The high accuracy (96.2%) indicates that most of the predictions are correct.

Completeness (62.1%) indicates that some positive cases are missing.

Balanced accuracy (80.3%) and ROC-AUC (80.3%) - good class discrimination ability.

The F1-score (66.7%) and Fbeta-score (69.8%) indicate a balanced quality of final diagnoses.

In [ ]:
confusion_matrix_ = confusion_matrix(diagnosis_major, Diagnosis)
disp = ConfusionMatrixDisplay(confusion_matrix_)
disp.plot(cmap=plt.cm.Blues)
plt.title('Confusion Matrix')
Out[0]:
Text(0.5, 1.0, 'Confusion Matrix')

The error matrix makes it clear that there are not many misdiagnoses.

In [ ]:
precision, recall, _ = precision_recall_curve(diagnosis_major, Diagnosis)
average_precision = average_precision_score(diagnosis_major, Diagnosis)

plt.figure()
plt.step(recall, precision, where='post', color='b', alpha=0.2, linestyle='-', linewidth=2, label='Precision-Recall curve')
plt.fill_between(recall, precision, step='post', alpha=0.2, color='b')
plt.xlabel('Recall')
plt.ylabel('Precision')
plt.title('Precision-Recall curve: AP={0:0.2f}'.format(average_precision))
plt.legend(loc="lower left")
Out[0]:
<matplotlib.legend.Legend at 0x7f8fa9817790>

As can be seen from the graph above, accuracy prevails quite a bit over completeness, however, as can be seen from the graph, precision is slightly lower than accuracy, which indicates inaccurate positive diagnoses.

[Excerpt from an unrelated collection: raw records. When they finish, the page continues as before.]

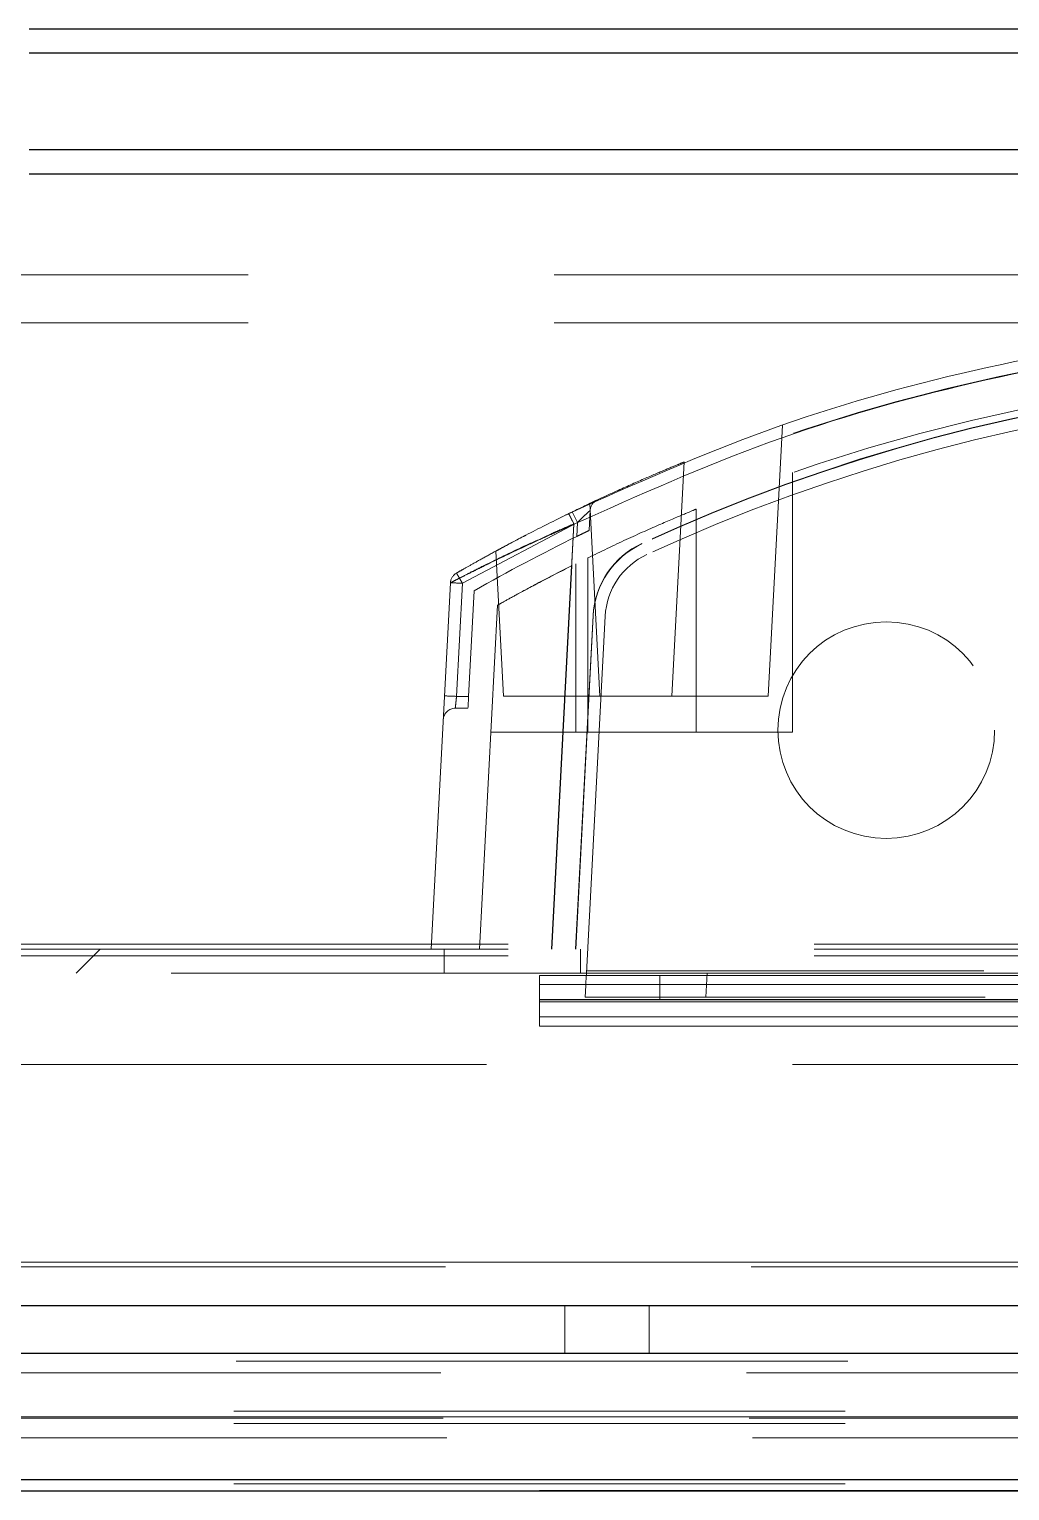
# Model space of a CAD drawing. Header units: millimetres. Extents: x 108 to 5832, y 144 to 4056.
# Drawn here: x 1147.8 to 1188.5, y 2801.3 to 2862 of the extents above; entities that cross this region are included whole.
import ezdxf

# ---------------------------------------------------------------- set-up
doc = ezdxf.new("R2010")
doc.units = ezdxf.units.MM
doc.header["$LTSCALE"] = 20
doc.linetypes.add('HIDDEN', pattern=[1.905, 1.27, -0.635])

msp = doc.modelspace()

# ---------------------------------------------------------------- linework, layer by layer
at = {"color": 7, "linetype": 'Continuous', "lineweight": 25}
for p, q in [((1267.802, 2861.987), (1147.802, 2861.987)), ((1267.802, 2860.987), (1147.802, 2860.987)), ((1147.802, 2856.987), (1267.802, 2856.987)), ((1147.802, 2855.987), (1267.802, 2855.987)), ((1119.802, 2808.987), (2765.802, 2808.987)), ((1467.802, 2806.987), (1121.802, 2806.987)), ((1139.502, 2801.761), (1448.502, 2801.761)), ((1139.502, 2801.287), (1448.502, 2801.287))]:
    msp.add_line(p, q, dxfattribs=at)
at = {"color": 1, "linetype": 'HIDDEN', "lineweight": 18}
for p, q in [((1131.502, 2851.787), (1454.602, 2851.787)), ((1131.502, 2849.787), (1204.502, 2849.787)), ((1178.502, 2834.287), (1179.092, 2845.545)), ((1174.502, 2834.287), (1175.012, 2844.016)), ((1179.502, 2832.787), (1179.502, 2843.571)), ((1170.547, 2842.034), (1170.361, 2841.944)), ((1171.062, 2841.172), (1171.106, 2842.009)), ((1171.083, 2842.289), (1171.502, 2834.287)), ((1175.502, 2832.787), (1175.502, 2842.055)), ((1170.579, 2841.503), (1165.798, 2838.975)), ((1165.798, 2838.975), (1170.579, 2841.503)), ((1170.579, 2841.503), (1165.798, 2838.975)), ((1165.798, 2838.975), (1170.579, 2841.503)), ((1170.579, 2841.503), (1165.798, 2838.975)), ((1165.798, 2838.975), (1170.579, 2841.503)), ((1170.579, 2841.503), (1165.798, 2838.975)), ((1165.798, 2838.975), (1170.579, 2841.503)), ((1170.579, 2841.503), (1165.798, 2838.975)), ((1165.798, 2838.975), (1170.579, 2841.503)), ((1170.579, 2841.503), (1165.798, 2838.975)), ((1165.798, 2838.975), (1170.579, 2841.503)), ((1170.579, 2841.503), (1165.798, 2838.975)), ((1165.798, 2838.975), (1170.579, 2841.503)), ((1170.579, 2841.503), (1165.798, 2838.975)), ((1165.798, 2838.975), (1170.579, 2841.503)), ((1170.579, 2841.503), (1165.798, 2838.975)), ((1165.798, 2838.975), (1170.579, 2841.503)), ((1170.579, 2841.503), (1165.798, 2838.975)), ((1165.798, 2838.975), (1170.579, 2841.503)), ((1170.579, 2841.503), (1165.798, 2838.975)), ((1165.798, 2838.975), (1170.579, 2841.503)), ((1170.579, 2841.503), (1165.798, 2838.975)), ((1165.798, 2838.975), (1170.579, 2841.503)), ((1170.579, 2841.503), (1165.798, 2838.975)), ((1165.798, 2838.975), (1170.579, 2841.503)), ((1170.579, 2841.503), (1165.798, 2838.975)), ((1165.798, 2838.975), (1170.579, 2841.503)), ((1170.579, 2841.503), (1165.798, 2838.975)), ((1165.798, 2838.975), (1170.579, 2841.503)), ((1170.579, 2841.503), (1165.798, 2838.975)), ((1165.798, 2838.975), (1170.579, 2841.503)), ((1170.579, 2841.503), (1165.798, 2838.975)), ((1165.798, 2838.975), (1170.579, 2841.503)), ((1170.579, 2841.503), (1165.798, 2838.975)), ((1165.798, 2838.975), (1170.579, 2841.503)), ((1170.579, 2841.503), (1165.798, 2838.975)), ((1165.798, 2838.975), (1170.579, 2841.503)), ((1170.421, 2841.443), (1169.496, 2823.787)), ((1169.507, 2823.787), (1170.431, 2841.426)), ((1170.579, 2841.503), (1170.549, 2840.923)), ((1167.187, 2840.313), (1167.502, 2834.287)), ((1173.255, 2840.617), (1173.255, 2840.634)), ((1169.501, 2823.787), (1170.335, 2839.701)), ((1169.508, 2823.787), (1170.342, 2839.705)), ((1170.502, 2839.785), (1170.502, 2832.787)), ((1171.002, 2832.787), (1171.002, 2840.032)), ((1165.299, 2838.992), (1164.502, 2823.787)), ((1165.552, 2834.279), (1165.798, 2838.975)), ((1166.284, 2838.667), (1166.054, 2834.279)), ((1166.505, 2823.787), (1167.253, 2838.067)), ((1171.227, 2837.64), (1170.501, 2823.787)), ((1170.502, 2823.787), (1171.227, 2837.622)), ((1170.949, 2822.779), (1171.727, 2837.605)), ((1171.227, 2837.622), (1171.227, 2837.64)), ((1166.054, 2834.279), (1165.552, 2834.279)), ((1167.502, 2834.287), (1174.502, 2834.287)), ((1174.502, 2834.287), (1178.502, 2834.287)), ((1165.501, 2833.787), (1166.028, 2833.787)), ((1171.002, 2832.787), (1166.977, 2832.787)), ((1175.502, 2832.787), (1171.002, 2832.787)), ((1175.502, 2832.787), (1179.502, 2832.787)), ((1142.302, 2823.987), (1445.702, 2823.987)), ((1142.302, 2823.787), (1445.702, 2823.787)), ((1149.752, 2822.787), (1150.752, 2823.787)), ((1165.041, 2822.787), (1165.041, 2823.787)), ((1170.702, 2822.787), (1170.702, 2823.787)), ((1142.302, 2823.5), (1445.702, 2823.5)), ((1445.803, 2822.787), (1142.202, 2822.787)), ((1169.002, 2822.687), (1394.502, 2822.687)), ((1169.002, 2822.687), (1169.002, 2822.307)), ((1170.949, 2822.779), (1416.055, 2822.779)), ((1416.05, 2822.886), (1170.955, 2822.886)), ((1174.002, 2822.687), (1174.002, 2821.687)), ((1175.904, 2821.787), (1175.957, 2822.787)), ((1169.002, 2822.307), (1394.502, 2822.307)), ((1169.002, 2822.307), (1169.002, 2821.675)), ((1169.002, 2821.687), (1394.502, 2821.687)), ((1169.002, 2821.675), (1394.502, 2821.675)), ((1169.002, 2821.587), (1169.002, 2821.675)), ((1394.502, 2821.599), (1169.002, 2821.599)), ((1169.002, 2821.587), (1419.002, 2821.587)), ((1169.002, 2820.587), (1169.002, 2821.587)), ((1416.107, 2821.787), (1170.898, 2821.787)), ((1169.002, 2820.968), (1394.502, 2820.968)), ((1169.002, 2820.587), (1419.002, 2820.587)), ((1471.602, 2818.987), (1126.51, 2818.987)), ((1120.109, 2810.787), (2765.495, 2810.787)), ((2765.295, 2810.587), (1120.309, 2810.587)), ((2759.095, 2810.787), (1126.51, 2810.787)), ((1170.052, 2808.987), (1170.052, 2806.987)), ((1173.552, 2806.987), (1173.552, 2808.987)), ((1448.502, 2806.67), (1139.502, 2806.67)), ((1139.502, 2806.187), (1448.502, 2806.187)), ((1448.402, 2804.587), (1139.602, 2804.587)), ((1448.402, 2804.358), (1139.602, 2804.358)), ((1139.602, 2804.358), (1448.402, 2804.358)), ((1448.402, 2804.087), (1139.6, 2804.087)), ((1139.602, 2804.298), (1448.402, 2804.298)), ((1139.752, 2803.487), (1448.252, 2803.487)), ((1448.502, 2801.761), (1139.502, 2801.761)), ((1448.402, 2801.577), (1139.602, 2801.577)), ((1169.002, 2801.297), (1169.002, 2801.287)), ((1169.002, 2801.297), (1419.002, 2801.297)), ((1170.502, 2801.287), (1170.502, 2801.297))]:
    msp.add_line(p, q, dxfattribs=at)
at = {"color": 1, "linetype": 'HIDDEN', "lineweight": 18, "flags": 128}
for points in [[(1166.028, 2833.787), (1166.028, 2833.797), (1166.03, 2833.825), (1166.032, 2833.87), (1166.035, 2833.931), (1166.039, 2834.005), (1166.044, 2834.09), (1166.049, 2834.182), (1166.054, 2834.279)], [(1170.949, 2822.779), (1170.939, 2822.585), (1170.93, 2822.399), (1170.921, 2822.227), (1170.913, 2822.077), (1170.906, 2821.954), (1170.901, 2821.863), (1170.899, 2821.806), (1170.898, 2821.787)]]:
    msp.add_lwpolyline(points, dxfattribs=at)
at = {"color": 1, "linetype": 'HIDDEN', "lineweight": 18}
msp.add_circle((1183.402, 2832.877), 4.5, dxfattribs=at)
for centre, radius, start, end in [((1204.502, 2771.56), 76.227, 90, 116.63019), ((1205.002, 2771.883), 75.727, 95.2208, 114.78613), ((1205.002, 2771.866), 75.727, 95.2208, 114.78613), ((1205.002, 2771.874), 75.227, 95.23815, 114.78609), ((1171.605, 2841.982), 0.5, 115.03913, 177), ((1165.759, 2839.296), 5.133, 24.72864, 30.05165), ((1140.226, 2826.829), 33.548, 25.79353, 26.64082), ((1156.506, 2834.816), 15.581, 25.41496, 27.22482), ((1204.502, 2771.56), 77.227, 116.082, 119.66233), ((1174.722, 2837.456), 3.5, 114.78654, 176.99836), ((1174.722, 2837.439), 3.5, 114.78537, 176.99953), ((1174.722, 2837.448), 3, 114.78609, 177), ((1204.502, 2771.56), 76.227, 116.63019, 119.25228), ((1165.799, 2838.966), 0.5, 119.86408, 177), ((1165.3, 2831.857), 7.135, 85.99391, 90.00651), ((1165.052, 2827.12), 7.176, 86.00194, 89.99165), ((1165.501, 2833.287), 0.5, 90, 177)]:
    msp.add_arc(centre, radius, start, end, dxfattribs=at)
for points, knots in [([(1170.202, 2841.866), (1172.939, 2843.092), (1178.391, 2845.534), (1186.995, 2847.951), (1195.715, 2849.505), (1201.582, 2849.694), (1204.502, 2849.787)], [0, 0, 0, 0, 0.253313, 0.504411, 0.753305, 1, 1, 1, 1]), ([(1204.502, 2849.313), (1201.571, 2849.219), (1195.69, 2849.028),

As can be seen from the markup quality assessment above, the markup is quite well executed, there are small gaps. However, it is worth taking into account the fact that the "Reference marks", so to speak targets, calculated as an average score by doctors, may not accurately reflect the actual. This is because some doctors have a low rating, and even the average may be inaccurate. However, it is worth considering the fact that doctors, although low, have consistency, which may indicate the correctness of the consistency of the final markup.

Conclusions

In this example, the analysis of doctors' conclusions was carried out using data analytics methods.